§ **What to do**: From the records below, set down exactly the lines starting with the line that contains "#1=APPLICATION_CONTEXT('core data for" and going on through the line that contains "#12=(NAMED_UNIT(*) SI_UNIT($,.STERADIAN.) SOLID_ANGLE_UNIT());". Nothing else is wanted.

§ **Record set**:
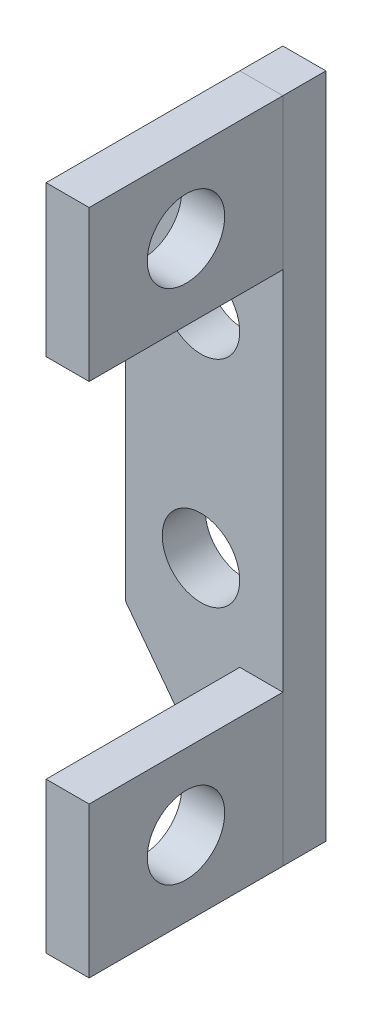
ISO-10303-21;
HEADER;
FILE_DESCRIPTION(('STEP AP214'),'2;1');
FILE_NAME('part.step','',(''),(''),'','','');
FILE_SCHEMA(('AUTOMOTIVE_DESIGN { 1 0 10303 214 1 1 1 1 }'));
ENDSEC;
DATA;
#1=APPLICATION_CONTEXT('core data for automotive mechanical design processes');
#2=APPLICATION_PROTOCOL_DEFINITION('international standard','automotive_design',2000,#1);
#3=PRODUCT_CONTEXT('',#1,'mechanical');
#4=PRODUCT('Part','Part','',(#3));
#5=PRODUCT_RELATED_PRODUCT_CATEGORY('part','',(#4));
#6=PRODUCT_DEFINITION_FORMATION('','',#4);
#7=PRODUCT_DEFINITION_CONTEXT('part definition',#1,'design');
#8=PRODUCT_DEFINITION('design','',#6,#7);
#9=PRODUCT_DEFINITION_SHAPE('','',#8);
#10=(LENGTH_UNIT() NAMED_UNIT(*) SI_UNIT(.MILLI.,.METRE.));
#11=(NAMED_UNIT(*) PLANE_ANGLE_UNIT() SI_UNIT($,.RADIAN.));
#12=(NAMED_UNIT(*) SI_UNIT($,.STERADIAN.) SOLID_ANGLE_UNIT());
#13=UNCERTAINTY_MEASURE_WITH_UNIT(LENGTH_MEASURE(1.E-05),#10,'distance_accuracy_value','');
#14=(GEOMETRIC_REPRESENTATION_CONTEXT(3) GLOBAL_UNCERTAINTY_ASSIGNED_CONTEXT((#13)) GLOBAL_UNIT_ASSIGNED_CONTEXT((#10,
#11,#12)) REPRESENTATION_CONTEXT('',''));
#15=CARTESIAN_POINT('',(0.,0.,0.));
#16=DIRECTION('',(0.,0.,1.));
#17=DIRECTION('',(1.,0.,0.));
#18=AXIS2_PLACEMENT_3D('',#15,#16,#17);
#19=CARTESIAN_POINT('',(-2.6955897908607,196.920635549074,11.));
#20=DIRECTION('',(-1.,0.,0.));
#21=DIRECTION('',(0.,0.,1.));
#22=AXIS2_PLACEMENT_3D('',#19,#20,#21);
#23=PLANE('',#22);
#24=CARTESIAN_POINT('',(-2.6955897908607,193.420635549076,6.5));
#25=DIRECTION('',(-1.,0.,0.));
#26=DIRECTION('',(0.,0.,1.));
#27=AXIS2_PLACEMENT_3D('',#24,#25,#26);
#28=CIRCLE('',#27,1.8);
#29=CARTESIAN_POINT('',(-2.6955897908607,193.420635549076,8.3));
#30=VERTEX_POINT('',#29);
#31=EDGE_CURVE('E123',#30,#30,#28,.T.);
#32=ORIENTED_EDGE('',*,*,#31,.T.);
#33=EDGE_LOOP('',(#32));
#34=FACE_BOUND('',#33,.T.);
#35=DIRECTION('',(0.,1.,0.));
#36=VECTOR('',#35,1.);
#37=CARTESIAN_POINT('',(-2.6955897908607,196.920635549074,2.));
#38=LINE('',#37,#36);
#39=CARTESIAN_POINT('',(-2.6955897908607,189.920635549074,2.));
#40=VERTEX_POINT('',#39);
#41=CARTESIAN_POINT('',(-2.6955897908607,196.920635549074,2.));
#42=VERTEX_POINT('',#41);
#43=EDGE_CURVE('E12',#40,#42,#38,.T.);
#44=ORIENTED_EDGE('',*,*,#43,.T.);
#45=DIRECTION('',(0.,0.,-1.));
#46=VECTOR('',#45,1.);
#47=CARTESIAN_POINT('',(-2.6955897908607,196.920635549074,11.));
#48=LINE('',#47,#46);
#49=CARTESIAN_POINT('',(-2.6955897908607,196.920635549074,11.));
#50=VERTEX_POINT('',#49);
#51=EDGE_CURVE('E122',#50,#42,#48,.T.);
#52=ORIENTED_EDGE('',*,*,#51,.F.);
#53=DIRECTION('',(0.,1.,0.));
#54=VECTOR('',#53,1.);
#55=CARTESIAN_POINT('',(-2.6955897908607,196.920635549074,11.));
#56=LINE('',#55,#54);
#57=CARTESIAN_POINT('',(-2.6955897908607,189.920635549074,11.));
#58=VERTEX_POINT('',#57);
#59=EDGE_CURVE('E55',#58,#50,#56,.T.);
#60=ORIENTED_EDGE('',*,*,#59,.F.);
#61=DIRECTION('',(0.,0.,-1.));
#62=VECTOR('',#61,1.);
#63=CARTESIAN_POINT('',(-2.6955897908607,189.920635549074,11.));
#64=LINE('',#63,#62);
#65=EDGE_CURVE('E110',#58,#40,#64,.T.);
#66=ORIENTED_EDGE('',*,*,#65,.T.);
#67=EDGE_LOOP('',(#44,#52,#60,#66));
#68=FACE_BOUND('',#67,.T.);
#69=ADVANCED_FACE('F51',(#34,#68),#23,.F.);
#70=CARTESIAN_POINT('',(-2.6955897908607,196.920635549074,11.));
#71=DIRECTION('',(0.,-1.,0.));
#72=DIRECTION('',(0.,0.,-1.));
#73=AXIS2_PLACEMENT_3D('',#70,#71,#72);
#74=PLANE('',#73);
#75=DIRECTION('',(-1.,0.,0.));
#76=VECTOR('',#75,1.);
#77=CARTESIAN_POINT('',(-2.6955897908607,196.920635549074,2.));
#78=LINE('',#77,#76);
#79=CARTESIAN_POINT('',(-4.6955897908607,196.920635549074,2.));
#80=VERTEX_POINT('',#79);
#81=EDGE_CURVE('E61',#42,#80,#78,.T.);
#82=ORIENTED_EDGE('',*,*,#81,.T.);
#83=DIRECTION('',(0.,0.,-1.));
#84=VECTOR('',#83,1.);
#85=CARTESIAN_POINT('',(-4.6955897908607,196.920635549074,11.));
#86=LINE('',#85,#84);
#87=CARTESIAN_POINT('',(-4.6955897908607,196.920635549074,11.));
#88=VERTEX_POINT('',#87);
#89=EDGE_CURVE('E106',#88,#80,#86,.T.);
#90=ORIENTED_EDGE('',*,*,#89,.F.);
#91=DIRECTION('',(-1.,0.,0.));
#92=VECTOR('',#91,1.);
#93=CARTESIAN_POINT('',(-2.6955897908607,196.920635549074,11.));
#94=LINE('',#93,#92);
#95=EDGE_CURVE('E85',#50,#88,#94,.T.);
#96=ORIENTED_EDGE('',*,*,#95,.F.);
#97=ORIENTED_EDGE('',*,*,#51,.T.);
#98=EDGE_LOOP('',(#82,#90,#96,#97));
#99=FACE_BOUND('',#98,.T.);
#100=ADVANCED_FACE('F136',(#99),#74,.F.);
#101=CARTESIAN_POINT('',(-4.6955897908607,196.920635549074,11.));
#102=DIRECTION('',(1.,0.,0.));
#103=DIRECTION('',(0.,0.,-1.));
#104=AXIS2_PLACEMENT_3D('',#101,#102,#103);
#105=PLANE('',#104);
#106=CARTESIAN_POINT('',(-4.6955897908607,193.420635549076,6.5));
#107=DIRECTION('',(-1.,0.,0.));
#108=DIRECTION('',(0.,0.,1.));
#109=AXIS2_PLACEMENT_3D('',#106,#107,#108);
#110=CIRCLE('',#109,1.8);
#111=CARTESIAN_POINT('',(-4.6955897908607,193.420635549076,8.3));
#112=VERTEX_POINT('',#111);
#113=EDGE_CURVE('E127',#112,#112,#110,.T.);
#114=ORIENTED_EDGE('',*,*,#113,.F.);
#115=EDGE_LOOP('',(#114));
#116=FACE_BOUND('',#115,.T.);
#117=DIRECTION('',(0.,-1.,0.));
#118=VECTOR('',#117,1.);
#119=CARTESIAN_POINT('',(-4.6955897908607,196.920635549074,2.));
#120=LINE('',#119,#118);
#121=CARTESIAN_POINT('',(-4.6955897908607,189.920635549074,2.));
#122=VERTEX_POINT('',#121);
#123=EDGE_CURVE('E101',#80,#122,#120,.T.);
#124=ORIENTED_EDGE('',*,*,#123,.T.);
#125=DIRECTION('',(0.,0.,-1.));
#126=VECTOR('',#125,1.);
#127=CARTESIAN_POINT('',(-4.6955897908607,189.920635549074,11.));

§ **Result**:
#1=APPLICATION_CONTEXT('core data for automotive mechanical design processes');
#2=APPLICATION_PROTOCOL_DEFINITION('international standard','automotive_design',2000,#1);
#3=PRODUCT_CONTEXT('',#1,'mechanical');
#4=PRODUCT('Part','Part','',(#3));
#5=PRODUCT_RELATED_PRODUCT_CATEGORY('part','',(#4));
#6=PRODUCT_DEFINITION_FORMATION('','',#4);
#7=PRODUCT_DEFINITION_CONTEXT('part definition',#1,'design');
#8=PRODUCT_DEFINITION('design','',#6,#7);
#9=PRODUCT_DEFINITION_SHAPE('','',#8);
#10=(LENGTH_UNIT() NAMED_UNIT(*) SI_UNIT(.MILLI.,.METRE.));
#11=(NAMED_UNIT(*) PLANE_ANGLE_UNIT() SI_UNIT($,.RADIAN.));
#12=(NAMED_UNIT(*) SI_UNIT($,.STERADIAN.) SOLID_ANGLE_UNIT());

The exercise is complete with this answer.